Tattershall Castle is a tall red-brick castle that dates mainly from the 15th century. There has been a castle on the site since 1231, when Robert de Tateshale built the first defences there. You can still see the foundations of the original castle in the grounds.
Ralph Cromwell begun his castle in 1433, and completed it 15 years later. This is the tower that you can see now. There are around 150 steps to reach the top, around a spiral staircase. Fortunately this staircase is fairly wide, so it's not too daunting to climb unless you suffer from very severe vertigo.
Ralph Cromwell fought at Agincourt, and became the Lord Treasurer of England in 1433. There are various purse motifs to find dotted around the castle to symbolise his status.

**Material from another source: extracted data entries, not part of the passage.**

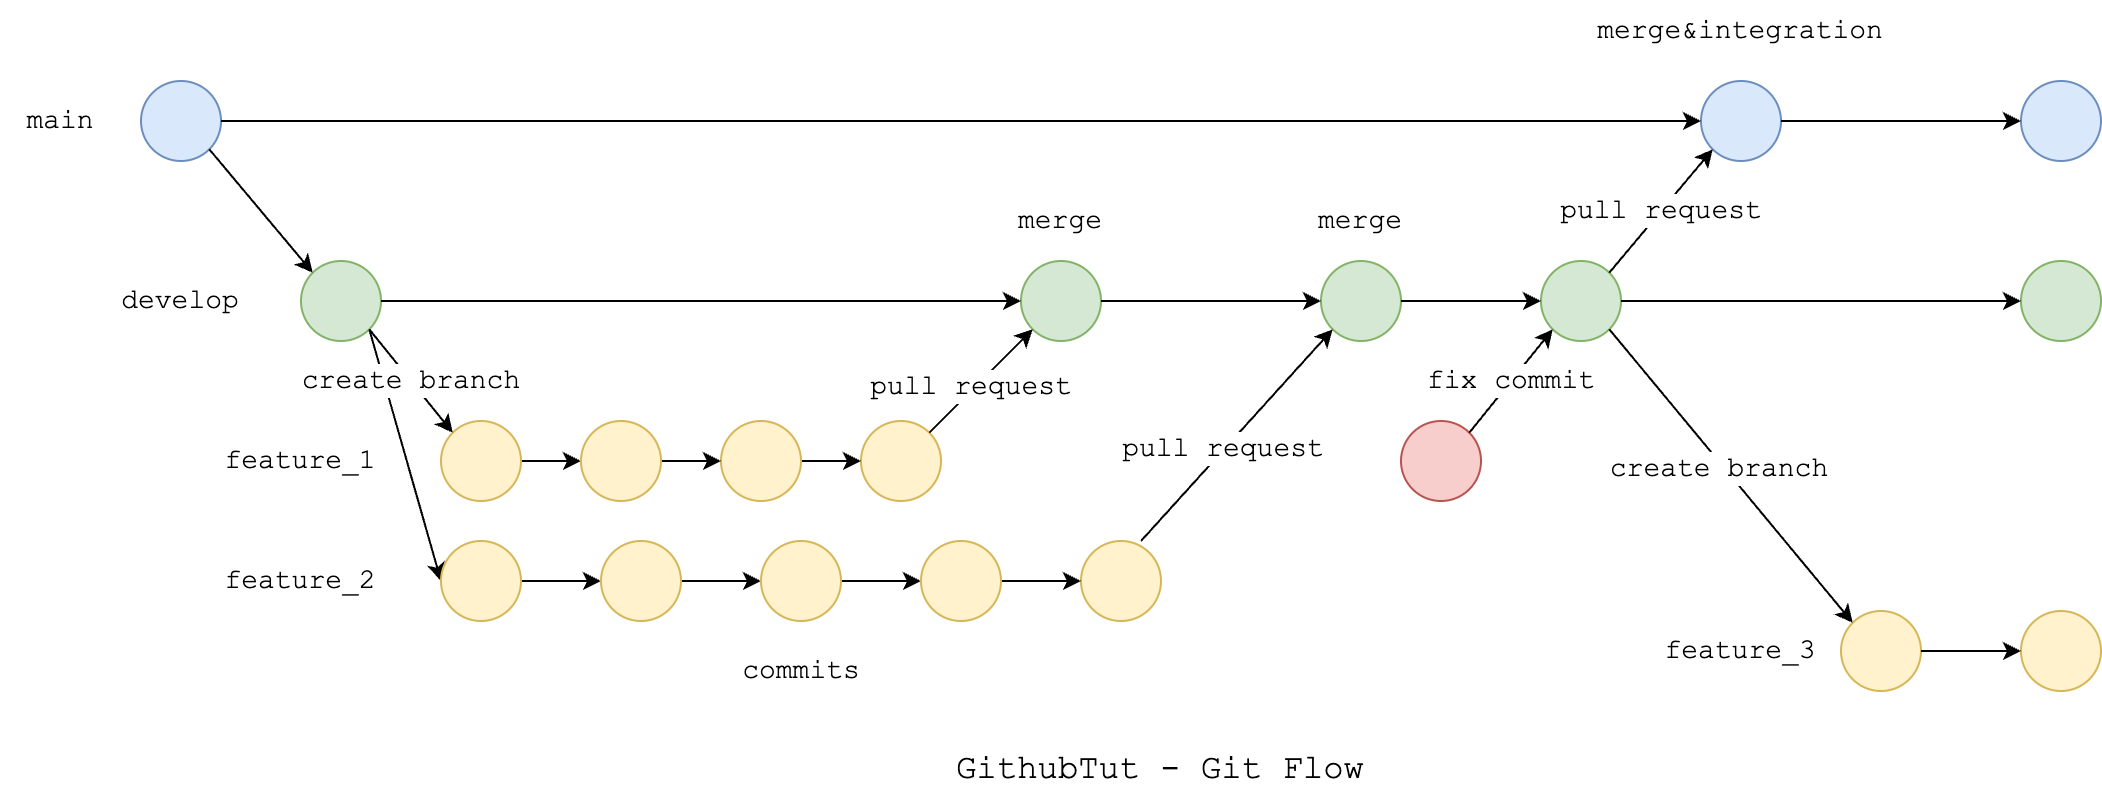

The diagram above was exported from draw.io. Its source (the exported page's mxGraphModel, read from the mxfile embedded in the PNG):
<mxGraphModel dx="2616" dy="1178" grid="1" gridSize="10" guides="1" tooltips="1" connect="1" arrows="1" fold="1" page="1" pageScale="1" pageWidth="827" pageHeight="1169" math="0" shadow="0">
  <root>
    <mxCell id="0" />
    <mxCell id="1" parent="0" />
    <mxCell id="Wsr1n73zivIU9H-u79Bp-1" value="" style="ellipse;whiteSpace=wrap;html=1;aspect=fixed;fillColor=#dae8fc;strokeColor=#6c8ebf;" parent="1" vertex="1">
      <mxGeometry x="60" y="280" width="40" height="40" as="geometry" />
    </mxCell>
    <mxCell id="Wsr1n73zivIU9H-u79Bp-2" value="" style="ellipse;whiteSpace=wrap;html=1;aspect=fixed;fillColor=#d5e8d4;strokeColor=#82b366;" parent="1" vertex="1">
      <mxGeometry x="140" y="370" width="40" height="40" as="geometry" />
    </mxCell>
    <mxCell id="Wsr1n73zivIU9H-u79Bp-3" value="&lt;font style=&quot;font-size: 14px;&quot; face=&quot;Courier New&quot;&gt;main&lt;/font&gt;" style="text;html=1;align=center;verticalAlign=middle;whiteSpace=wrap;rounded=0;" parent="1" vertex="1">
      <mxGeometry x="-10" y="285" width="60" height="30" as="geometry" />
    </mxCell>
    <mxCell id="Wsr1n73zivIU9H-u79Bp-4" value="&lt;font style=&quot;font-size: 14px;&quot; face=&quot;Courier New&quot;&gt;develop&lt;/font&gt;" style="text;html=1;align=center;verticalAlign=middle;whiteSpace=wrap;rounded=0;" parent="1" vertex="1">
      <mxGeometry x="50" y="375" width="60" height="30" as="geometry" />
    </mxCell>
    <mxCell id="Wsr1n73zivIU9H-u79Bp-5" value="" style="endArrow=classic;html=1;rounded=0;exitX=1;exitY=1;exitDx=0;exitDy=0;entryX=0;entryY=0;entryDx=0;entryDy=0;" parent="1" source="Wsr1n73zivIU9H-u79Bp-1" target="Wsr1n73zivIU9H-u79Bp-2" edge="1">
      <mxGeometry width="50" height="50" relative="1" as="geometry">
        <mxPoint x="390" y="360" as="sourcePoint" />
        <mxPoint x="440" y="310" as="targetPoint" />
      </mxGeometry>
    </mxCell>
    <mxCell id="Wsr1n73zivIU9H-u79Bp-16" value="" style="endArrow=classic;html=1;rounded=0;exitX=1;exitY=1;exitDx=0;exitDy=0;entryX=0;entryY=0.5;entryDx=0;entryDy=0;" parent="1" source="Wsr1n73zivIU9H-u79Bp-2" target="Wsr1n73zivIU9H-u79Bp-12" edge="1">
      <mxGeometry width="50" height="50" relative="1" as="geometry">
        <mxPoint x="400" y="360" as="sourcePoint" />
        <mxPoint x="450" y="310" as="targetPoint" />
      </mxGeometry>
    </mxCell>
    <mxCell id="tR8i77-AjIc3gY6T3uB0-10" value="" style="edgeStyle=orthogonalEdgeStyle;rounded=0;orthogonalLoop=1;jettySize=auto;html=1;" parent="1" source="Wsr1n73zivIU9H-u79Bp-6" target="tR8i77-AjIc3gY6T3uB0-5" edge="1">
      <mxGeometry relative="1" as="geometry" />
    </mxCell>
    <mxCell id="Wsr1n73zivIU9H-u79Bp-6" value="" style="ellipse;whiteSpace=wrap;html=1;aspect=fixed;fillColor=#fff2cc;strokeColor=#d6b656;" parent="1" vertex="1">
      <mxGeometry x="210" y="450" width="40" height="40" as="geometry" />
    </mxCell>
    <mxCell id="Wsr1n73zivIU9H-u79Bp-9" value="&lt;span style=&quot;font-family: &amp;quot;Courier New&amp;quot;; font-size: 14px;&quot;&gt;create branch&lt;/span&gt;" style="endArrow=classic;html=1;rounded=0;exitX=1;exitY=1;exitDx=0;exitDy=0;entryX=0;entryY=0;entryDx=0;entryDy=0;" parent="1" source="Wsr1n73zivIU9H-u79Bp-2" target="Wsr1n73zivIU9H-u79Bp-6" edge="1">
      <mxGeometry width="50" height="50" relative="1" as="geometry">
        <mxPoint x="390" y="360" as="sourcePoint" />
        <mxPoint x="440" y="310" as="targetPoint" />
      </mxGeometry>
    </mxCell>
    <mxCell id="Wsr1n73zivIU9H-u79Bp-11" value="&lt;font style=&quot;font-size: 14px;&quot; face=&quot;Courier New&quot;&gt;feature_1&lt;/font&gt;" style="text;html=1;align=center;verticalAlign=middle;whiteSpace=wrap;rounded=0;" parent="1" vertex="1">
      <mxGeometry x="110" y="455" width="60" height="30" as="geometry" />
    </mxCell>
    <mxCell id="tR8i77-AjIc3gY6T3uB0-11" value="" style="edgeStyle=orthogonalEdgeStyle;rounded=0;orthogonalLoop=1;jettySize=auto;html=1;" parent="1" source="Wsr1n73zivIU9H-u79Bp-12" target="tR8i77-AjIc3gY6T3uB0-2" edge="1">
      <mxGeometry relative="1" as="geometry" />
    </mxCell>
    <mxCell id="Wsr1n73zivIU9H-u79Bp-12" value="" style="ellipse;whiteSpace=wrap;html=1;aspect=fixed;fillColor=#fff2cc;strokeColor=#d6b656;" parent="1" vertex="1">
      <mxGeometry x="210" y="510" width="40" height="40" as="geometry" />
    </mxCell>
    <mxCell id="Wsr1n73zivIU9H-u79Bp-17" value="&lt;font style=&quot;font-size: 14px;&quot; face=&quot;Courier New&quot;&gt;feature_2&lt;/font&gt;" style="text;html=1;align=center;verticalAlign=middle;whiteSpace=wrap;rounded=0;" parent="1" vertex="1">
      <mxGeometry x="110" y="515" width="60" height="30" as="geometry" />
    </mxCell>
    <mxCell id="Wsr1n73zivIU9H-u79Bp-19" value="" style="ellipse;whiteSpace=wrap;html=1;aspect=fixed;fillColor=#fff2cc;strokeColor=#d6b656;" parent="1" vertex="1">
      <mxGeometry x="420" y="450" width="40" height="40" as="geometry" />
    </mxCell>
    <mxCell id="Wsr1n73zivIU9H-u79Bp-20" value="" style="ellipse;whiteSpace=wrap;html=1;aspect=fixed;fillColor=#fff2cc;strokeColor=#d6b656;" parent="1" vertex="1">
      <mxGeometry x="530" y="510" width="40" height="40" as="geometry" />
    </mxCell>
    <mxCell id="Wsr1n73zivIU9H-u79Bp-23" value="" style="ellipse;whiteSpace=wrap;html=1;aspect=fixed;fillColor=#d5e8d4;strokeColor=#82b366;" parent="1" vertex="1">
      <mxGeometry x="500" y="370" width="40" height="40" as="geometry" />
    </mxCell>
    <mxCell id="Wsr1n73zivIU9H-u79Bp-24" value="" style="endArrow=classic;html=1;rounded=0;exitX=1;exitY=0.5;exitDx=0;exitDy=0;entryX=0;entryY=0.5;entryDx=0;entryDy=0;" parent="1" source="Wsr1n73zivIU9H-u79Bp-2" target="Wsr1n73zivIU9H-u79Bp-23" edge="1">
      <mxGeometry width="50" height="50" relative="1" as="geometry">
        <mxPoint x="400" y="450" as="sourcePoint" />
        <mxPoint x="450" y="400" as="targetPoint" />
      </mxGeometry>
    </mxCell>
    <mxCell id="Wsr1n73zivIU9H-u79Bp-25" value="" style="endArrow=classic;html=1;rounded=0;exitX=1;exitY=0;exitDx=0;exitDy=0;entryX=0;entryY=1;entryDx=0;entryDy=0;" parent="1" source="Wsr1n73zivIU9H-u79Bp-19" target="Wsr1n73zivIU9H-u79Bp-23" edge="1">
      <mxGeometry width="50" height="50" relative="1" as="geometry">
        <mxPoint x="400" y="450" as="sourcePoint" />
        <mxPoint x="450" y="400" as="targetPoint" />
      </mxGeometry>
    </mxCell>
    <mxCell id="Wsr1n73zivIU9H-u79Bp-26" value="&lt;font face=&quot;Courier New&quot; style=&quot;font-size: 14px;&quot;&gt;pull request&lt;/font&gt;" style="edgeLabel;html=1;align=center;verticalAlign=middle;resizable=0;points=[];" parent="Wsr1n73zivIU9H-u79Bp-25" vertex="1" connectable="0">
      <mxGeometry x="-0.145" y="2" relative="1" as="geometry">
        <mxPoint as="offset" />
      </mxGeometry>
    </mxCell>
    <mxCell id="Wsr1n73zivIU9H-u79Bp-28" value="&lt;span style=&quot;font-family: &amp;quot;Courier New&amp;quot;; font-size: 14px;&quot;&gt;commits&lt;/span&gt;" style="text;html=1;align=center;verticalAlign=middle;resizable=0;points=[];autosize=1;strokeColor=none;fillColor=none;" parent="1" vertex="1">
      <mxGeometry x="350" y="560" width="80" height="30" as="geometry" />
    </mxCell>
    <mxCell id="Wsr1n73zivIU9H-u79Bp-30" value="" style="ellipse;whiteSpace=wrap;html=1;aspect=fixed;fillColor=#d5e8d4;strokeColor=#82b366;" parent="1" vertex="1">
      <mxGeometry x="650" y="370" width="40" height="40" as="geometry" />
    </mxCell>
    <mxCell id="Wsr1n73zivIU9H-u79Bp-31" value="" style="endArrow=classic;html=1;rounded=0;exitX=0.75;exitY=0;exitDx=0;exitDy=0;entryX=0;entryY=1;entryDx=0;entryDy=0;exitPerimeter=0;" parent="1" source="Wsr1n73zivIU9H-u79Bp-20" target="Wsr1n73zivIU9H-u79Bp-30" edge="1">
      <mxGeometry width="50" height="50" relative="1" as="geometry">
        <mxPoint x="454" y="466" as="sourcePoint" />
        <mxPoint x="506" y="414" as="targetPoint" />
      </mxGeometry>
    </mxCell>
    <mxCell id="Wsr1n73zivIU9H-u79Bp-32" value="&lt;font face=&quot;Courier New&quot; style=&quot;font-size: 14px;&quot;&gt;pull request&lt;/font&gt;" style="edgeLabel;html=1;align=center;verticalAlign=middle;resizable=0;points=[];" parent="Wsr1n73zivIU9H-u79Bp-31" vertex="1" connectable="0">
      <mxGeometry x="-0.145" y="2" relative="1" as="geometry">
        <mxPoint as="offset" />
      </mxGeometry>
    </mxCell>
    <mxCell id="Wsr1n73zivIU9H-u79Bp-33" value="" style="endArrow=classic;html=1;rounded=0;exitX=1;exitY=0.5;exitDx=0;exitDy=0;entryX=0;entryY=0.5;entryDx=0;entryDy=0;" parent="1" source="Wsr1n73zivIU9H-u79Bp-23" target="Wsr1n73zivIU9H-u79Bp-30" edge="1">
      <mxGeometry width="50" height="50" relative="1" as="geometry">
        <mxPoint x="400" y="450" as="sourcePoint" />
        <mxPoint x="450" y="400" as="targetPoint" />
      </mxGeometry>
    </mxCell>
    <mxCell id="Wsr1n73zivIU9H-u79Bp-34" value="&lt;font face=&quot;Courier New&quot; style=&quot;font-size: 14px;&quot;&gt;merge&lt;/font&gt;" style="text;html=1;align=center;verticalAlign=middle;whiteSpace=wrap;rounded=0;" parent="1" vertex="1">
      <mxGeometry x="490" y="335" width="60" height="30" as="geometry" />
    </mxCell>
    <mxCell id="Wsr1n73zivIU9H-u79Bp-35" value="&lt;font face=&quot;Courier New&quot; style=&quot;font-size: 14px;&quot;&gt;merge&lt;/font&gt;" style="text;html=1;align=center;verticalAlign=middle;whiteSpace=wrap;rounded=0;" parent="1" vertex="1">
      <mxGeometry x="640" y="335" width="60" height="30" as="geometry" />
    </mxCell>
    <mxCell id="Wsr1n73zivIU9H-u79Bp-36" value="" style="ellipse;whiteSpace=wrap;html=1;aspect=fixed;fillColor=#d5e8d4;strokeColor=#82b366;" parent="1" vertex="1">
      <mxGeometry x="760" y="370" width="40" height="40" as="geometry" />
    </mxCell>
    <mxCell id="Wsr1n73zivIU9H-u79Bp-37" value="" style="endArrow=classic;html=1;rounded=0;exitX=1;exitY=0.5;exitDx=0;exitDy=0;entryX=0;entryY=0.5;entryDx=0;entryDy=0;" parent="1" source="Wsr1n73zivIU9H-u79Bp-30" target="Wsr1n73zivIU9H-u79Bp-36" edge="1">
      <mxGeometry width="50" height="50" relative="1" as="geometry">
        <mxPoint x="400" y="370" as="sourcePoint" />
        <mxPoint x="450" y="320" as="targetPoint" />
      </mxGeometry>
    </mxCell>
    <mxCell id="Wsr1n73zivIU9H-u79Bp-38" value="" style="ellipse;whiteSpace=wrap;html=1;aspect=fixed;fillColor=#f8cecc;strokeColor=#b85450;" parent="1" vertex="1">
      <mxGeometry x="690" y="450" width="40" height="40" as="geometry" />
    </mxCell>
    <mxCell id="Wsr1n73zivIU9H-u79Bp-39" value="&lt;font face=&quot;Courier New&quot; style=&quot;font-size: 14px;&quot;&gt;fix commit&lt;/font&gt;" style="endArrow=classic;html=1;rounded=0;exitX=1;exitY=0;exitDx=0;exitDy=0;entryX=0;entryY=1;entryDx=0;entryDy=0;" parent="1" source="Wsr1n73zivIU9H-u79Bp-38" target="Wsr1n73zivIU9H-u79Bp-36" edge="1">
      <mxGeometry x="0.0118" width="50" height="50" relative="1" as="geometry">
        <mxPoint x="540" y="270" as="sourcePoint" />
        <mxPoint x="590" y="220" as="targetPoint" />
        <mxPoint as="offset" />
      </mxGeometry>
    </mxCell>
    <mxCell id="Wsr1n73zivIU9H-u79Bp-41" value="" style="ellipse;whiteSpace=wrap;html=1;aspect=fixed;fillColor=#dae8fc;strokeColor=#6c8ebf;" parent="1" vertex="1">
      <mxGeometry x="840" y="280" width="40" height="40" as="geometry" />
    </mxCell>
    <mxCell id="Wsr1n73zivIU9H-u79Bp-42" value="&lt;span style=&quot;font-family: &amp;quot;Courier New&amp;quot;; font-size: 14px;&quot;&gt;pull request&lt;/span&gt;" style="endArrow=classic;html=1;rounded=0;exitX=1;exitY=0;exitDx=0;exitDy=0;entryX=0;entryY=1;entryDx=0;entryDy=0;" parent="1" source="Wsr1n73zivIU9H-u79Bp-36" target="Wsr1n73zivIU9H-u79Bp-41" edge="1">
      <mxGeometry width="50" height="50" relative="1" as="geometry">
        <mxPoint x="530" y="370" as="sourcePoint" />
        <mxPoint x="580" y="320" as="targetPoint" />
      </mxGeometry>
    </mxCell>
    <mxCell id="Wsr1n73zivIU9H-u79Bp-43" value="" style="endArrow=classic;html=1;rounded=0;exitX=1;exitY=0.5;exitDx=0;exitDy=0;entryX=0;entryY=0.5;entryDx=0;entryDy=0;" parent="1" source="Wsr1n73zivIU9H-u79Bp-1" target="Wsr1n73zivIU9H-u79Bp-41" edge="1">
      <mxGeometry width="50" height="50" relative="1" as="geometry">
        <mxPoint x="390" y="140" as="sourcePoint" />
        <mxPoint x="440" y="90" as="targetPoint" />
      </mxGeometry>
    </mxCell>
    <mxCell id="Wsr1n73zivIU9H-u79Bp-45" value="&lt;font face=&quot;Courier New&quot; style=&quot;font-size: 14px;&quot;&gt;merge&amp;amp;integration&lt;/font&gt;" style="text;html=1;align=center;verticalAlign=middle;whiteSpace=wrap;rounded=0;" parent="1" vertex="1">
      <mxGeometry x="830" y="240" width="60" height="30" as="geometry" />
    </mxCell>
    <mxCell id="Wsr1n73zivIU9H-u79Bp-47" value="" style="ellipse;whiteSpace=wrap;html=1;aspect=fixed;fillColor=#fff2cc;strokeColor=#d6b656;" parent="1" vertex="1">
      <mxGeometry x="910" y="545" width="40" height="40" as="geometry" />
    </mxCell>
    <mxCell id="Wsr1n73zivIU9H-u79Bp-49" value="" style="endArrow=classic;html=1;rounded=0;exitX=1;exitY=1;exitDx=0;exitDy=0;entryX=0;entryY=0;entryDx=0;entryDy=0;" parent="1" source="Wsr1n73zivIU9H-u79Bp-36" target="Wsr1n73zivIU9H-u79Bp-47" edge="1">
      <mxGeometry width="50" height="50" relative="1" as="geometry">
        <mxPoint x="710" y="370" as="sourcePoint" />
        <mxPoint x="760" y="320" as="targetPoint" />
      </mxGeometry>
    </mxCell>
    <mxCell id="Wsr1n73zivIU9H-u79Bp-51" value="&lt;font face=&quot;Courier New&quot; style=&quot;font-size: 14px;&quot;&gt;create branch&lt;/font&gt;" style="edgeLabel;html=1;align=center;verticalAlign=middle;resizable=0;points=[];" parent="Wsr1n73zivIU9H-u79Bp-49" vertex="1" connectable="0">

The basement rooms were used for storage, or as a servants' hall. As you go up the tower the rooms gradually become grander and more stately. The castle was built to be lived in, as much as it was built for defence.
We have Lord Curzon of Kedleston to thank for the current state of the castle. He undertook restoration work in the early 20th century, and bequeathed it to the National Trust on his death in 1925.
Peacocks live in the castle grounds, which is now owned by the National Trust. No dogs are allowed.
The village is perhaps best known for its castle. The castle is a large red-brick building surrounded by a moat and the remains of various other outbuildings. The battlements are pictured on the left.
The Holy Trinity church is right next to Tattershall castle, and is also worth a visit. It contains a plaque marking the grave of Tom Thumb, a Tattershall resident of the 16th and 17th centuries who grew to just 47cm tall. Like the castle, it was also built by Lord Cromwell in the 15th century.